**Instructions for the task:** From the entries below, report only the number of lines that contain the word "radius".

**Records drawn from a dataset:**
====
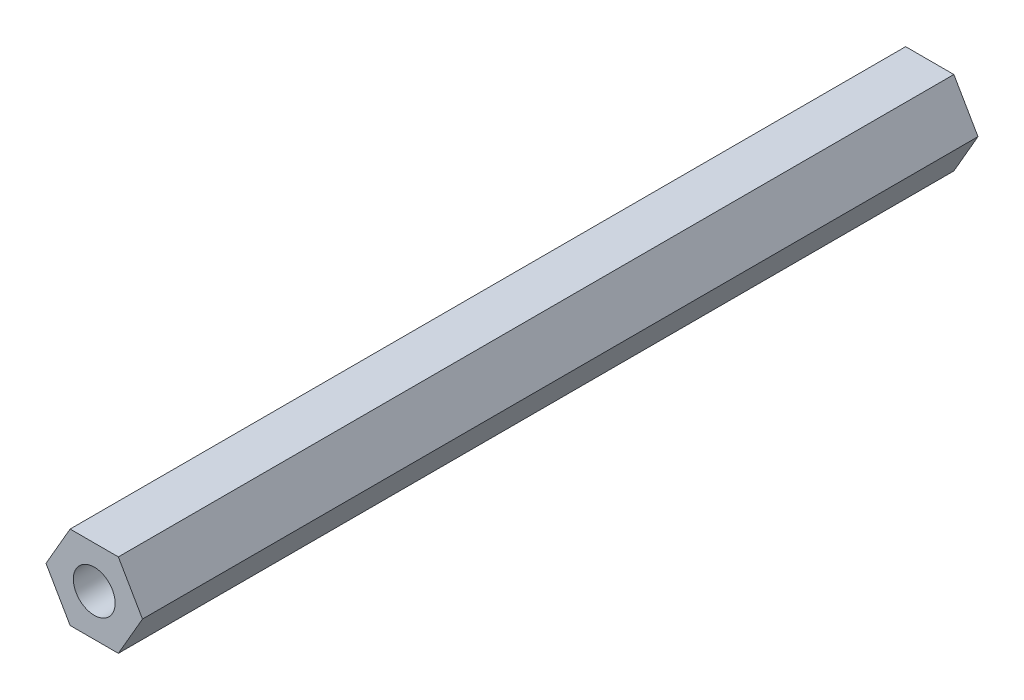
SolidWorks part; units mm, degrees
material "1060 Alloy"
ref_plane "Front Plane" through (0, 0, 0) normal (0, 0, 1) x (1, 0, 0)
ref_plane "Top Plane" through (0, 0, 0) normal (0, 1, 0) x (1, 0, 0)
ref_plane "Right Plane" through (0, 0, 0) normal (1, 0, 0) x (0, 0, -1)
sketch "Sketch1" plane through (0, 0, 0) normal (0, 0, 1) x (1, 0, 0)
  line L1 (3.6662, 6.35) -> (-3.6662, 6.35)
  line L2 (-3.6662, 6.35) -> (-7.3323, 0)
  line L3 (-7.3323, 0) -> (-3.6662, -6.35)
  line L4 (-3.6662, -6.35) -> (3.6662, -6.35)
  line L5 (3.6662, -6.35) -> (7.3323, 0)
  line L6 (7.3323, 0) -> (3.6662, 6.35)
  circle A0 centre (0, 0) radius 6.35 construction
  circle A1 centre (0, 0) radius 3.175
  dimension "D2" = 6.35
  dimension "D1" = 12.7
extrude "Boss-Extrude1" add sketch "Sketch1" along normal mid plane 127
====
**Answer space:** 2